* _Provided data_:
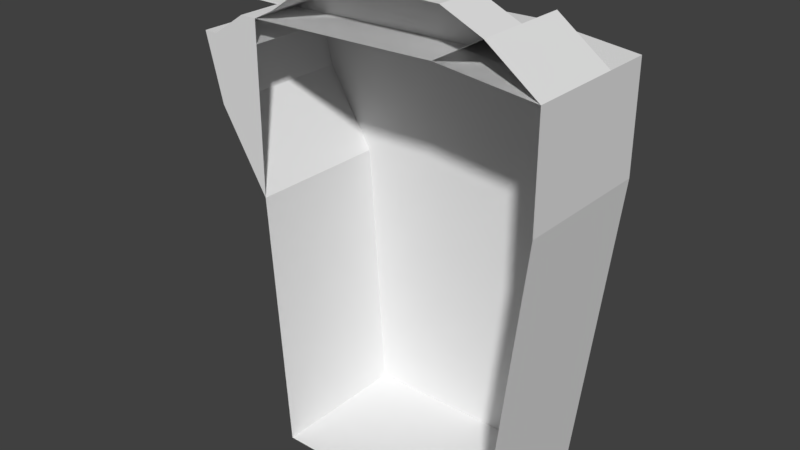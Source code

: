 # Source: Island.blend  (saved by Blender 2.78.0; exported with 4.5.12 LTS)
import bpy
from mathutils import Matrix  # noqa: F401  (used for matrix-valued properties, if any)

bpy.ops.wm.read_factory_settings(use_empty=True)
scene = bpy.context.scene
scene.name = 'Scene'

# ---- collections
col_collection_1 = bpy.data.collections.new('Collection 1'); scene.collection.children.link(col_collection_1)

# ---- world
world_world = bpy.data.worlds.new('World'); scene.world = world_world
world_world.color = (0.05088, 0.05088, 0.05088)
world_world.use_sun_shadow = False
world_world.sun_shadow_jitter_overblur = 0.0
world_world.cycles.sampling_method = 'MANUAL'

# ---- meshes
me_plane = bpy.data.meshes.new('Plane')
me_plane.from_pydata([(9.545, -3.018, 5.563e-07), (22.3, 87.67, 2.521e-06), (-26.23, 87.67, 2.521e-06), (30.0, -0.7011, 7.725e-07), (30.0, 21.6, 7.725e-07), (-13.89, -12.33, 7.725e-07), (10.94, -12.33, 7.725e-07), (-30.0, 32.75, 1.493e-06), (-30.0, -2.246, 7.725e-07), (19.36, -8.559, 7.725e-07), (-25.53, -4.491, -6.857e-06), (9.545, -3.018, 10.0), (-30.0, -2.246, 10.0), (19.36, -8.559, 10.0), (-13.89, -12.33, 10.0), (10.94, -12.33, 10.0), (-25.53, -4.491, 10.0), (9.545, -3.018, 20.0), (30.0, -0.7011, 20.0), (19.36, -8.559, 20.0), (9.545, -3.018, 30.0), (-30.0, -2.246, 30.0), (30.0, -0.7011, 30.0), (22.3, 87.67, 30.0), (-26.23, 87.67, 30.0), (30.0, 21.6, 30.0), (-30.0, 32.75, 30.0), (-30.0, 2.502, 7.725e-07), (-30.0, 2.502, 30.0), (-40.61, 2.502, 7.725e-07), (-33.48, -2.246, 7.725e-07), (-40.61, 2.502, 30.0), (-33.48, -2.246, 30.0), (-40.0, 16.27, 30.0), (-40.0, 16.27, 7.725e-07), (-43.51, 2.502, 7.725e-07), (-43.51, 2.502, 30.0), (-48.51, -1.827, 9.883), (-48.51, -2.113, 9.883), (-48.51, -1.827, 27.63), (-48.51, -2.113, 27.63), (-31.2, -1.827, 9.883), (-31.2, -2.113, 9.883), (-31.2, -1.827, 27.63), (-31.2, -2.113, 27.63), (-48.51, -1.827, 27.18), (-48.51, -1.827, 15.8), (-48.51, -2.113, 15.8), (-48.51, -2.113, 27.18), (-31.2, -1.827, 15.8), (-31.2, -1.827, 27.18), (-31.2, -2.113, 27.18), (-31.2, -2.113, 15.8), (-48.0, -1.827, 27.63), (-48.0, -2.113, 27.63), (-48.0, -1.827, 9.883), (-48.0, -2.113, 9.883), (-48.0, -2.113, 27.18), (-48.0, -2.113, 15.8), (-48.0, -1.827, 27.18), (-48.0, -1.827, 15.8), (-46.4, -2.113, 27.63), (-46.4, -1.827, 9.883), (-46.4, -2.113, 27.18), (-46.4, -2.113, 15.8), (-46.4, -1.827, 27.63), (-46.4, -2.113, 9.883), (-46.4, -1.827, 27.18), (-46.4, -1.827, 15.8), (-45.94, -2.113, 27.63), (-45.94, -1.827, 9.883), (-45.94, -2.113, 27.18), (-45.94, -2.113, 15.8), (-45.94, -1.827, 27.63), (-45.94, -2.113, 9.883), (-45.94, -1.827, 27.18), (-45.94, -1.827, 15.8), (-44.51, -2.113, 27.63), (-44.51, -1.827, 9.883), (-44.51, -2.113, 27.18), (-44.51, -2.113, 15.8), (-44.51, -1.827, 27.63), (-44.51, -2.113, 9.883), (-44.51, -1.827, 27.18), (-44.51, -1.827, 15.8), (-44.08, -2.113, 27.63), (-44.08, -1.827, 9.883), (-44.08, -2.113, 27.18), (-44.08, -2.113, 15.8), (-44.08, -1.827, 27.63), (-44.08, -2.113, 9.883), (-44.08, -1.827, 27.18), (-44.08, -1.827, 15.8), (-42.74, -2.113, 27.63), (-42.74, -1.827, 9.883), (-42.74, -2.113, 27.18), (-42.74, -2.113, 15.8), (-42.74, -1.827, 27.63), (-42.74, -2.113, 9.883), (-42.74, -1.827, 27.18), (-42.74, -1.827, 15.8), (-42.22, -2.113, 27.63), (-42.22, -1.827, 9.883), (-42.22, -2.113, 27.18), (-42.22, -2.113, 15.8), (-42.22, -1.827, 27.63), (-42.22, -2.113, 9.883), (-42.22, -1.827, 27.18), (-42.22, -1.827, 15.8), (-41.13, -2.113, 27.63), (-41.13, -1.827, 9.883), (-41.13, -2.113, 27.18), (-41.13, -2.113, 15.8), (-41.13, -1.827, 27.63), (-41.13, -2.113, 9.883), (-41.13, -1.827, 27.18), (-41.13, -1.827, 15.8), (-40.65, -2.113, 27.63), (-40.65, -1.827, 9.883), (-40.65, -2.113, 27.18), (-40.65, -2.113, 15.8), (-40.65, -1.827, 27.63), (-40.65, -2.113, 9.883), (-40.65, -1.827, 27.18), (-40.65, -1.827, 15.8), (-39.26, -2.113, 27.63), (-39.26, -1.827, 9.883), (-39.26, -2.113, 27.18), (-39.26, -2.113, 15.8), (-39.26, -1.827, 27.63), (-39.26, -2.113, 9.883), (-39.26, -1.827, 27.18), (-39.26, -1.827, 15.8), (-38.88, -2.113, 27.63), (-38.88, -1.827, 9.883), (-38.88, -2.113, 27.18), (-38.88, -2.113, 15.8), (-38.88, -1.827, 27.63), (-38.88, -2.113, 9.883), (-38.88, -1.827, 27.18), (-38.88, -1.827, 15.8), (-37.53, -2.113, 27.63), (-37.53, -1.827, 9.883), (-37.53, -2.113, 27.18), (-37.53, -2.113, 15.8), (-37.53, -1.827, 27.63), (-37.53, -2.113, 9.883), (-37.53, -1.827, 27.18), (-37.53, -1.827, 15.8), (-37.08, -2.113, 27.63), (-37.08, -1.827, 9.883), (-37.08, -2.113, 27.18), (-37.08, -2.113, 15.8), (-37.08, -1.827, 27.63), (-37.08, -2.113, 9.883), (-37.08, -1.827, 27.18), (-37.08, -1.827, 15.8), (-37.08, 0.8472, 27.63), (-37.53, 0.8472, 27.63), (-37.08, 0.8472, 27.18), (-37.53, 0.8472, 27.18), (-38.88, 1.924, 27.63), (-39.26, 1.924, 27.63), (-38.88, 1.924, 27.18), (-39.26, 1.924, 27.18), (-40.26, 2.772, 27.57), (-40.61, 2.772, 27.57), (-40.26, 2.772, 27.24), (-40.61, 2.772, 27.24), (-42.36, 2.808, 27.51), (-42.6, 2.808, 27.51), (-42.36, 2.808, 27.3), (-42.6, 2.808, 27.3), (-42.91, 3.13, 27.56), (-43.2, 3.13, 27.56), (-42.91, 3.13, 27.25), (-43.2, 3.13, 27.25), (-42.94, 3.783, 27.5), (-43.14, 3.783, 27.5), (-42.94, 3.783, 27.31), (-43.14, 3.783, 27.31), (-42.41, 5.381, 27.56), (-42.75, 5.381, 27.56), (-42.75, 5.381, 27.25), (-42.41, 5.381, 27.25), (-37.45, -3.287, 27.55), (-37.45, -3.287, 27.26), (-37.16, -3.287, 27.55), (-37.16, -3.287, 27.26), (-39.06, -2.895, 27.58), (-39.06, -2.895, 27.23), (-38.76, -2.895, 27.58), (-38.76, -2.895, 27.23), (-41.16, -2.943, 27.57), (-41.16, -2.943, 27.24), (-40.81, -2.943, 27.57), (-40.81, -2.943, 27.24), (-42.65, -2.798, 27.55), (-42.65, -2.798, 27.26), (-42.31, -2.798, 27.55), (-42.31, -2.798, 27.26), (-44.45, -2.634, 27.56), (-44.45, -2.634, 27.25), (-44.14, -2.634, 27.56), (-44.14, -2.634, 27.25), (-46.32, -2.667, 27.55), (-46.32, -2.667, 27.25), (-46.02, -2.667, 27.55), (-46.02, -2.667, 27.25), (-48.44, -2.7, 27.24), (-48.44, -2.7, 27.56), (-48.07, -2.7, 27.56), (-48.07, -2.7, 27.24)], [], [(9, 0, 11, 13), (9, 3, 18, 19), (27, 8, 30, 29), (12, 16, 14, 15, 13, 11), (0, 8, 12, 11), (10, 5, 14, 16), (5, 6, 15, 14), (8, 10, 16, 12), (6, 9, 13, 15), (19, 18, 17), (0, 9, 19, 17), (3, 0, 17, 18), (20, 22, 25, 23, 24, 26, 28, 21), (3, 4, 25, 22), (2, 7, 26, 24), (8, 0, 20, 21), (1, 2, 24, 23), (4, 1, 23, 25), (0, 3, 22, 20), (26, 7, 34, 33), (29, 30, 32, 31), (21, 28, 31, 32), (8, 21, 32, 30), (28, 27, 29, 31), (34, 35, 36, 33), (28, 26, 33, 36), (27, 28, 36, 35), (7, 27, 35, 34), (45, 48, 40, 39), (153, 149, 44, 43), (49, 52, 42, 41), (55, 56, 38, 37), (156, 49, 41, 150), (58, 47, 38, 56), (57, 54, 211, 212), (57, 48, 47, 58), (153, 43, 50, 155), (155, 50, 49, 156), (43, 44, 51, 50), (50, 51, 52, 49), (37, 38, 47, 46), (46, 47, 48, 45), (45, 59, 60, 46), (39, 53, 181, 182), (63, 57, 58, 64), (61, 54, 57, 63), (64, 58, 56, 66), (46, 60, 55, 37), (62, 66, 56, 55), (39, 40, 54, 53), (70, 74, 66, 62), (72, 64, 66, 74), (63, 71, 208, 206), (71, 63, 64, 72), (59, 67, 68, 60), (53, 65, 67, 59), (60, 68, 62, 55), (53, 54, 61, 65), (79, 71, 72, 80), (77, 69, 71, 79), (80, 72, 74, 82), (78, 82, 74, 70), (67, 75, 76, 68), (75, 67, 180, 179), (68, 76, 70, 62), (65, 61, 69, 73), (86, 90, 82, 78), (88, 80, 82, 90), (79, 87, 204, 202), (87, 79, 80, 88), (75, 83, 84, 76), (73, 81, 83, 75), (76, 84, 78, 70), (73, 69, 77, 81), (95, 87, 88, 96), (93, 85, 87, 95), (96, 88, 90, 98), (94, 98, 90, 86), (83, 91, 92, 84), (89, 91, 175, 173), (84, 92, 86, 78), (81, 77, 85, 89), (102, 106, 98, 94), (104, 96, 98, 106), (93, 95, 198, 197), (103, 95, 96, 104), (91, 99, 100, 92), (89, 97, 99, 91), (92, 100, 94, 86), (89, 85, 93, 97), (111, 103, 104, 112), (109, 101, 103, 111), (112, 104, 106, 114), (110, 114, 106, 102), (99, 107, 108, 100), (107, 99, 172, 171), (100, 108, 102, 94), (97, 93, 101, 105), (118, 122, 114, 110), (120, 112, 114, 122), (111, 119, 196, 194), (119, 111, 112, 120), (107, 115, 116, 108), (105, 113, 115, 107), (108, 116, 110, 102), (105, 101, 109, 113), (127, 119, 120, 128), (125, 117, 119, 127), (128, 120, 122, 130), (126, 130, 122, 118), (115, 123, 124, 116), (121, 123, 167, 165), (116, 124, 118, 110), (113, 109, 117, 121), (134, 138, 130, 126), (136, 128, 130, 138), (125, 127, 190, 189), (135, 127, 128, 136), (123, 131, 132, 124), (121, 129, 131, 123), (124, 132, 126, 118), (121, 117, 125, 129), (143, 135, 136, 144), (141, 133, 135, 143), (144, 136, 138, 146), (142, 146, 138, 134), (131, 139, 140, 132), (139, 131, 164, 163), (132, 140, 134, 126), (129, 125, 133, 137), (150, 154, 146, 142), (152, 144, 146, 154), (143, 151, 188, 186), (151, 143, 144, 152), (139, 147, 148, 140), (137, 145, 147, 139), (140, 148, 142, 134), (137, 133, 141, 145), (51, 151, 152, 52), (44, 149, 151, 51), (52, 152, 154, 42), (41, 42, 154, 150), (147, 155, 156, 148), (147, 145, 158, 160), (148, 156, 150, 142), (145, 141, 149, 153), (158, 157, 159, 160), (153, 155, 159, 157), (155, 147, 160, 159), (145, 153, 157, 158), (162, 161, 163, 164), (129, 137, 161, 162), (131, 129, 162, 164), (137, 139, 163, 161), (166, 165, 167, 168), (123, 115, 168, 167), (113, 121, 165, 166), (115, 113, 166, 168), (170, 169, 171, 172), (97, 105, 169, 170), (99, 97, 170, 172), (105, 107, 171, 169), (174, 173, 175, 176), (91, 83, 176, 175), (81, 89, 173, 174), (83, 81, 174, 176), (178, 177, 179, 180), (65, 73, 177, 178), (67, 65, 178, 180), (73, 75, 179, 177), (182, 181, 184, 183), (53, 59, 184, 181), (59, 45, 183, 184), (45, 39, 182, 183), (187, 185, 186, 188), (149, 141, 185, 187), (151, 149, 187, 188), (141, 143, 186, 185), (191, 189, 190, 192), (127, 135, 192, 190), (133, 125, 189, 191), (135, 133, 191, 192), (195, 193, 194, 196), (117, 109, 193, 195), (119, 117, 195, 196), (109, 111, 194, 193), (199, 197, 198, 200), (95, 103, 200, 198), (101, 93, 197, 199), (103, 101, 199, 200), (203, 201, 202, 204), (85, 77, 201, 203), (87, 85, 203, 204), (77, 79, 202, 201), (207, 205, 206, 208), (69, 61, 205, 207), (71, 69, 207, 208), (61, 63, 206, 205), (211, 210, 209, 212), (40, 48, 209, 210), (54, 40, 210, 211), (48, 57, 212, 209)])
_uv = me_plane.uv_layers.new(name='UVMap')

* _Work item_: Look over the records above and copy each line that includes the string "collections".

* _Answer to the exercise_:
# ---- collections
col_collection_1 = bpy.data.collections.new('Collection 1'); scene.collection.children.link(col_collection_1)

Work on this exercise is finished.